Summary

In this remarkable book of essays, Rafael Campo explores his coming-of-age as a gay Cuban-American physician. He presents us with a series of stories illuminating his childhood and college experience, skillfully interweaving them with narratives from his life as a young physician, especially his interactions with patients dying of AIDS. We follow the author from Amherst College, through Harvard Medical School, to his medical residency in San Francisco. At each step Campo is a close observer of human character and motivation--his own and others. At each step he asks, "Who am I? Who am I becoming?"

He discovers his identity as a gay man, an Hispanic man, a poet, and, finally, as a healer--not four identities, but one.
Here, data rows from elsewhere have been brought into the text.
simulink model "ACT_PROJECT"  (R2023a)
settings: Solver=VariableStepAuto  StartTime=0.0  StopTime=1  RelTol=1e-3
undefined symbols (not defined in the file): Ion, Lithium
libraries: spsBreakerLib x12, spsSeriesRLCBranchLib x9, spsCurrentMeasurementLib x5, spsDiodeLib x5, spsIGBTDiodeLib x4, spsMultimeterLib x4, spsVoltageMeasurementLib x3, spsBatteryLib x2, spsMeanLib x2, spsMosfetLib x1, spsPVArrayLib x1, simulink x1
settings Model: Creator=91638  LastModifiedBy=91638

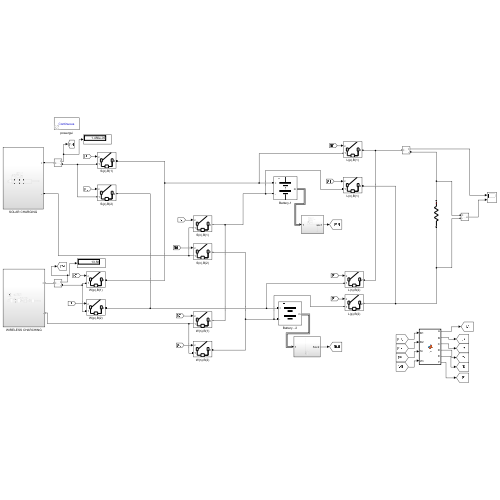
[thumbnail: Simulink's stored preview of the top-level diagram]
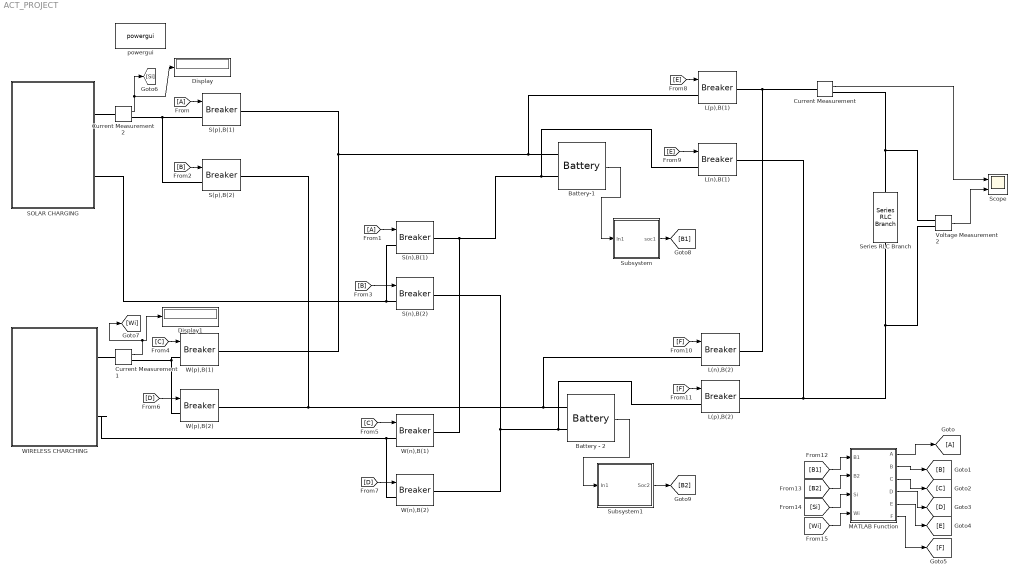
== system ACT_PROJECT ==
  Battery - 2 : spsBatteryLib/Battery  BatType=Lithium-Ion  ShowTempParam=off  ThermalPreset=no  ShowAgeParam=off  NomV=23  NomQ=232  SOC=80  Batt_Tr=0.5  PresetModel=on  MaxQ=232  MinV=17.25  FullV=26.7717  Dis_rate=100.8696  R=0.00099138  Normal_OP=209.8087  expZone="[24.8489      11.3983]"  current=[6.5 13 32.5]  Units=Time  Tci=20  NomT=20  T2=-30  MaxQ2=4.8  FullV2=7.1  Normal_OP2=5.655  expZone2="[6.58           1]"  Rca=0.6  ti=2000  Dp=0  Neq0=0  Tsim=1e6  Ta1=25  Qeol=5.4*0.9  Reol=0.013333*1.2  Char_age=[2.3478, 3]  Dis_age=[2.3478, 10]  N1=1500  N2=10500  N3=1000  N4=1400  Ta2=45  N5=950
  Battery-1 : spsBatteryLib/Battery  BatType=Lithium-Ion  ShowTempParam=off  ThermalPreset=no  ShowAgeParam=off  NomV=23  NomQ=232  SOC=4  Batt_Tr=0.5  PresetModel=on  MaxQ=232  MinV=17.25  FullV=26.7717  Dis_rate=100.8696  R=0.00099138  Normal_OP=209.8087  expZone="[24.8489      11.3983]"  current=[6.5 13 32.5]  Units=Time  Tci=20  NomT=20  T2=-30  MaxQ2=4.8  FullV2=7.1  Normal_OP2=5.655  expZone2="[6.58           1]"  Rca=0.6  ti=2000  Dp=0  Neq0=0  Tsim=1e6  Ta1=25  Qeol=5.4*0.9  Reol=0.013333*1.2  Char_age=[2.3478, 3]  Dis_age=[2.3478, 10]  N1=1500  N2=10500  N3=1000  N4=1400  Ta2=45  N5=950
  Current Measurement : spsCurrentMeasurementLib/Current Measurement  PhasorSimulation=off  OutputType=Complex  PSBequivalent=0
  Current Measurement1 : spsCurrentMeasurementLib/Current Measurement  PhasorSimulation=off  OutputType=Complex  PSBequivalent=0
  Current Measurement2 : spsCurrentMeasurementLib/Current Measurement  PhasorSimulation=off  OutputType=Complex  PSBequivalent=0
  Display : Display
  Display1 : Display
  From : From
  From1 : From
  Goto : Goto
  L(n),B(1) : spsBreakerLib/Breaker  InitialState=0  SwitchingTimes="[1/60  5/60]"  External=on  BreakerResistance=0.01  SnubberResistance=1e6  SnubberCapacitance=inf  Measurements=None  MoreParameters=on  NoBreakLoop=off
  L(n),B(2) : spsBreakerLib/Breaker  InitialState=0  SwitchingTimes="[1/60  5/60]"  External=on  BreakerResistance=0.01  SnubberResistance=1e6  SnubberCapacitance=inf  Measurements=None  MoreParameters=on  NoBreakLoop=off
  L(p),B(1) : spsBreakerLib/Breaker  InitialState=0  SwitchingTimes="[1/60  5/60]"  External=on  BreakerResistance=0.01  SnubberResistance=1e6  SnubberCapacitance=inf  Measurements=None  MoreParameters=on  NoBreakLoop=off
  L(p),B(2) : spsBreakerLib/Breaker  InitialState=0  SwitchingTimes="[1/60  5/60]"  External=on  BreakerResistance=0.01  SnubberResistance=1e6  SnubberCapacitance=inf  Measurements=None  MoreParameters=on  NoBreakLoop=off
  MATLAB Function : MATLAB Function  TreatAsAtomicUnit=on
  S(n),B(1) : spsBreakerLib/Breaker  InitialState=0  SwitchingTimes="[1/60  5/60]"  External=on  BreakerResistance=0.01  SnubberResistance=1e6  SnubberCapacitance=inf  Measurements=None  MoreParameters=on  NoBreakLoop=off
  S(n),B(2) : spsBreakerLib/Breaker  InitialState=0  SwitchingTimes="[1/60  5/60]"  External=on  BreakerResistance=0.01  SnubberResistance=1e6  SnubberCapacitance=inf  Measurements=None  MoreParameters=on  NoBreakLoop=off
  S(p),B(1) : spsBreakerLib/Breaker  InitialState=0  SwitchingTimes="[1/60  5/60]"  External=on  BreakerResistance=0.01  SnubberResistance=1e6  SnubberCapacitance=inf  Measurements=None  MoreParameters=on  NoBreakLoop=off
  S(p),B(2) : spsBreakerLib/Breaker  InitialState=0  SwitchingTimes="[1/60  5/60]"  External=on  BreakerResistance=0.01  SnubberResistance=1e6  SnubberCapacitance=inf  Measurements=None  MoreParameters=on  NoBreakLoop=off
  SOLAR CHARGING : Subsystem
  Scope : Scope  NumInputPorts=2
  Series RLC Branch : spsSeriesRLCBranchLib/Series RLC Branch  LConnTagsString=__new0  RConnTagsString=__new0  BranchType=R  Resistance=100  Inductance=1e-3  SetiL0=off  InitialCurrent=0  Capacitance=1e-6  Setx0=off  InitialVoltage=0  Measurements=None
  Subsystem : Subsystem
  Subsystem1 : Subsystem
  Voltage Measurement2 : spsVoltageMeasurementLib/Voltage Measurement  PhasorSimulation=off  OutputType=Complex  PSBequivalent=0
  W(n),B(1) : spsBreakerLib/Breaker  InitialState=0  SwitchingTimes="[1/60  5/60]"  External=on  BreakerResistance=0.01  SnubberResistance=1e6  SnubberCapacitance=inf  Measurements=None  MoreParameters=on  NoBreakLoop=off
  W(n),B(2) : spsBreakerLib/Breaker  InitialState=0  SwitchingTimes="[1/60  5/60]"  External=on  BreakerResistance=0.01  SnubberResistance=1e6  SnubberCapacitance=inf  Measurements=None  MoreParameters=on  NoBreakLoop=off
  W(p),B(1) : spsBreakerLib/Breaker  InitialState=0  SwitchingTimes="[1/60  5/60]"  External=on  BreakerResistance=0.01  SnubberResistance=1e6  SnubberCapacitance=inf  Measurements=None  MoreParameters=on  NoBreakLoop=off
  W(p),B(2) : spsBreakerLib/Breaker  InitialState=0  SwitchingTimes="[1/60  5/60]"  External=on  BreakerResistance=0.01  SnubberResistance=1e6  SnubberCapacitance=inf  Measurements=None  MoreParameters=on  NoBreakLoop=off
  WIRELESS CHARCHING : Subsystem
  powergui : spspowerguiLib/powergui  Priority=1  SimulationMode=Continuous  SampleTime=50e-6  frequency=60  Iterations=50  frequencyindice=0  Pbase=100e6  ErrMax=1e-4  UnitsV=kV  UnitsW=MW  buscounter=0  FunctionMessages=off  echomessages=off  EnableUseOfTLC=off  CurrentSourceSwitches=off  DisableSnubberDevices=off  DisableRonSwitches=off  DisableVfSwitches=off  DisplayEquations=off  AutomaticDiscreteSolvers=off  SolverType=Tustin/Backward Euler (TBE)  Interpol=off  ExternalGateDelay=off  methode=off  Ts=100  x0status=blocks  SPID=on  SwTol=0  HookPort=off  NonlinearTolerance=1e-4  nMaxIteration=100  ContinueOnMaxIteration=off  RestoreLinks=warning  ResistiveCurrentMeasurement=off  Frange=[0:2:500]  Ylog=off  Xlog=on  ShowGrid=off  save=off  variable=ZData  structure=source  ZoomFFT=off  StartTime=0.1  cycles=5  DisplayStyle=2  fundamental=50  FreqAxis=on  MaxFrequency=1000  frequencyindicesteady=1  RmsSteady=1  display=off
  wires:
  Battery-1/1 -> Subsystem/1(In1)
  Battery - 2/1 -> Subsystem1/1(In1)
  Current Measurement/1 -> Scope/1
  Voltage Measurement2/1 -> Scope/2
  [E] -> L(n),B(1)/1
  [E] -> L(p),B(1)/1
  [F] -> L(n),B(2)/1
  [F] -> L(p),B(2)/1
  [C] -> W(n),B(1)/1
  [D] -> W(n),B(2)/1
  [D] -> W(p),B(2)/1
  [C] -> W(p),B(1)/1
  [B] -> S(p),B(2)/1
  From/1 -> S(p),B(1)/1
  [B] -> S(n),B(2)/1
  From1/1 -> S(n),B(1)/1
  MATLAB Function/5(E) -> [E]
  MATLAB Function/3(C) -> [C]
  MATLAB Function/1(A) -> Goto/1
  [Wi] -> MATLAB Function/4(Wi)
  MATLAB Function/2(B) -> [B]
  MATLAB Function/4(D) -> [D]
  MATLAB Function/6(F) -> [F]
  [B2] -> MATLAB Function/2(B2)
  [Si] -> MATLAB Function/3(Si)
  [B1] -> MATLAB Function/1(B1)
  Current Measurement2/1 -> Display/1, [Si]
  Subsystem/1(soc1) -> [B1]
  Subsystem1/1(Soc2) -> [B2]
  Current Measurement1/1 -> [Wi], Display1/1
  connections:
  Current Measurement2/LConn1 -- SOLAR CHARGING/RConn1
  S(p),B(1)/RConn1 -- W(p),B(1)/RConn1 -- L(p),B(1)/LConn1 -- Battery-1/LConn1
  W(p),B(2)/LConn1 -- W(p),B(1)/LConn1 -- Current Measurement1/RConn1
  S(p),B(2)/RConn1 -- W(p),B(2)/RConn1 -- L(n),B(2)/LConn1 -- Battery - 2/LConn1
  Voltage Measurement2/LConn1 -- Current Measurement/RConn1 -- Series RLC Branch/LConn1
  S(n),B(2)/LConn1 -- SOLAR CHARGING/RConn2 -- S(n),B(1)/LConn1
  Battery-1/LConn2 -- S(n),B(1)/RConn1 -- W(n),B(1)/RConn1 -- L(n),B(1)/LConn1
  WIRELESS CHARCHING/RConn2 -- W(n),B(1)/LConn1 -- W(n),B(2)/LConn1
  L(n),B(1)/RConn1 -- Voltage Measurement2/LConn2 -- Series RLC Branch/RConn1 -- L(p),B(2)/RConn1
  L(p),B(2)/LConn1 -- S(n),B(2)/RConn1 -- W(n),B(2)/RConn1 -- Battery - 2/LConn2
  L(p),B(1)/RConn1 -- L(n),B(2)/RConn1 -- Current Measurement/LConn1
  WIRELESS CHARCHING/RConn1 -- Current Measurement1/LConn1
  Current Measurement2/RConn1 -- S(p),B(2)/LConn1 -- S(p),B(1)/LConn1

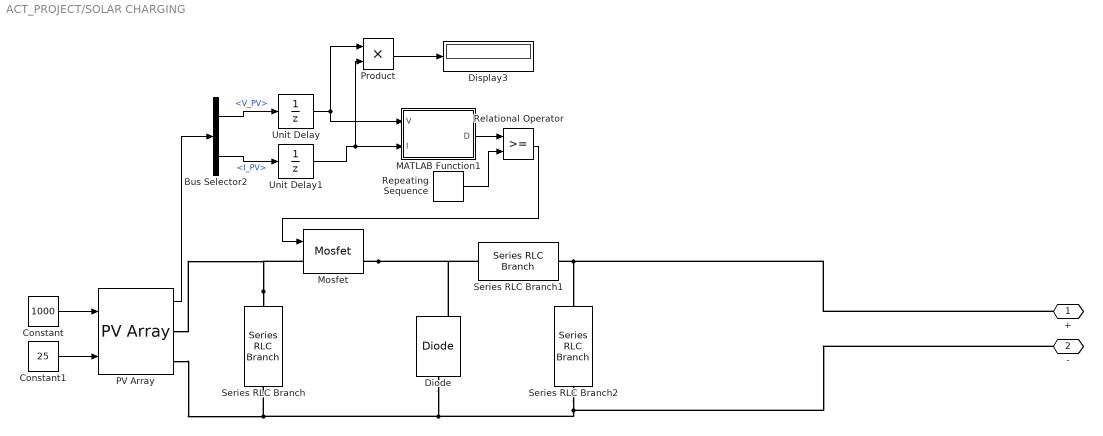
== system ACT_PROJECT/SOLAR CHARGING ==
  Bus Selector2 : BusSelector  OutputSignals=V_PV,I_PV
  Constant : Constant  Value=1000
  Constant1 : Constant  Value=25
  Diode : spsDiodeLib/Diode  Ron=0.001  Lon=0  Vf=0.8  IC=0  UseSnubber=0  Rs=500  Cs=250e-9  Measurements=on
  Display3 : Display
  MATLAB Function1 : MATLAB Function  TreatAsAtomicUnit=on
  Mosfet : spsMosfetLib/Mosfet  Ron=0.1  Lon=0  Rd=0.01  Vfd=0  IC=0  Rs=1e5  Cs=inf  Measurements=on
  PV Array : spsPVArrayLib/PV Array  Npar=1  Nser=1  PlotType=array @ 25 deg.C & specified irradiances  S_vec="[ 1000  500  100 ]"  Temp_C_vec="[ 45 25  ]"  ModuleName=User-defined  PlotWhenSelected=off  Pm=416  Ncell=60  Voc=36.3  Isc=14  Vm=32  Im=13  beta_Voc_pc=-0.36099  alpha_Isc_pc=0.102  beta_Voc=-0.13104  alpha_Isc=0.01428  IL=14.0001  I0=2.1562e-10  nI=1.0006  Rsh=64.0004  Rs=0.12551  RobustModel=off  RobustCellTemperature=313.3991  BAL=on  Tc=1e-6  Tfilter=5e-5
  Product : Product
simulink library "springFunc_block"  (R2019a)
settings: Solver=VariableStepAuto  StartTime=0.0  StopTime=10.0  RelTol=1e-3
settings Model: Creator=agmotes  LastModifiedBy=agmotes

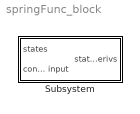
== system springFunc_block ==
  Subsystem : Subsystem  mask{c1=0, c2=0, c3=0}
      mask prompts: c1 "Mass"; c2 "Spring Constant"; c3 "Damping Constant"

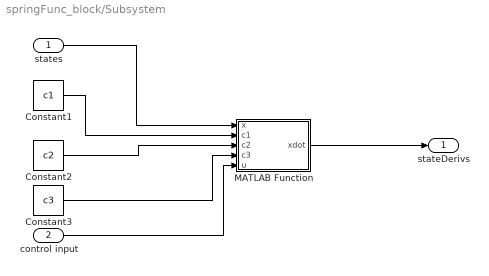
== system springFunc_block/Subsystem ==
  states : Inport
  control input : Inport  Port=2
  Constant1 : Constant  Value=c1
  Constant2 : Constant  Value=c2
  Constant3 : Constant  Value=c3
  MATLAB Function : MATLAB Function  TreatAsAtomicUnit=on
  stateDerivs : Outport
  wires:
  states/1 -> MATLAB Function/1(x)
  MATLAB Function/1(xdot) -> stateDerivs/1
  Constant1/1 -> MATLAB Function/2(c1)
  Constant2/1 -> MATLAB Function/3(c2)
  Constant3/1 -> MATLAB Function/4(c3)
  control input/1 -> MATLAB Function/5(u)

== matlab function springFunc_block/Subsystem/MATLAB Function ==
  data: x input; xdot output; c1 input; c2 input; c3 input; u input
function xdot  = springFunc(x,c1,c2,c3,u)
    
    xdot = zeros(1,2);

    m = c1;
    k = c2;
    b = c3;

	xdot(1) = x(2);
	xdot(2) = u-(b*x(2) + k*x(1))/m;

	%xdot = xdot';
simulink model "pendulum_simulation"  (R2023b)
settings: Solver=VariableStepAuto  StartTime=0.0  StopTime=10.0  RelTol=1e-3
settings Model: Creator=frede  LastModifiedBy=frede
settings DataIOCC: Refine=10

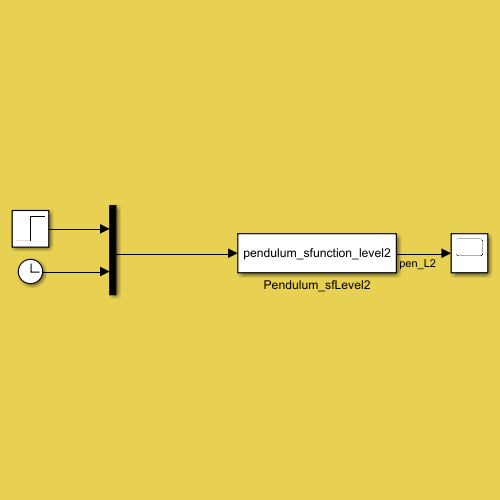
[thumbnail: Simulink's stored preview of the top-level diagram]
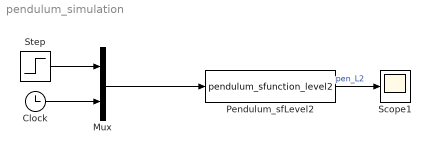
== system pendulum_simulation ==
  Clock : Clock
  Mux : Mux  Inputs=2
  Pendulum_sfLevel2 : M-S-Function  FunctionName=pendulum_sfunction_level2  Parameters=pi/4 0
  Scope1 : Scope
  Step : Step  After=1e-2  SampleTime=0
  wires:
  Pendulum_sfLevel2/1 -> Scope1/1  "pen_L2"
  Clock/1 -> Mux/2
  Mux/1 -> Pendulum_sfLevel2/1
  Step/1 -> Mux/1

He discovers, too, the healing power of connecting with patients, the "poetry of healing," something far different from the orthodox image of the physician-as-detached-or-distanced from his patients. Though Campo rejects the concept that physicians are agents for social change ("naive," he calls it), he brings sensitivity and poetry to bear on his continued search for "some way to give."

Commentary

Campo's stories are interesting, his essays well-structured, and the quality of his prose excellent. I found the struggle for self-awareness engaging, particularly the notion of becoming-aware-of-who-you-are-in-order-to-give-back.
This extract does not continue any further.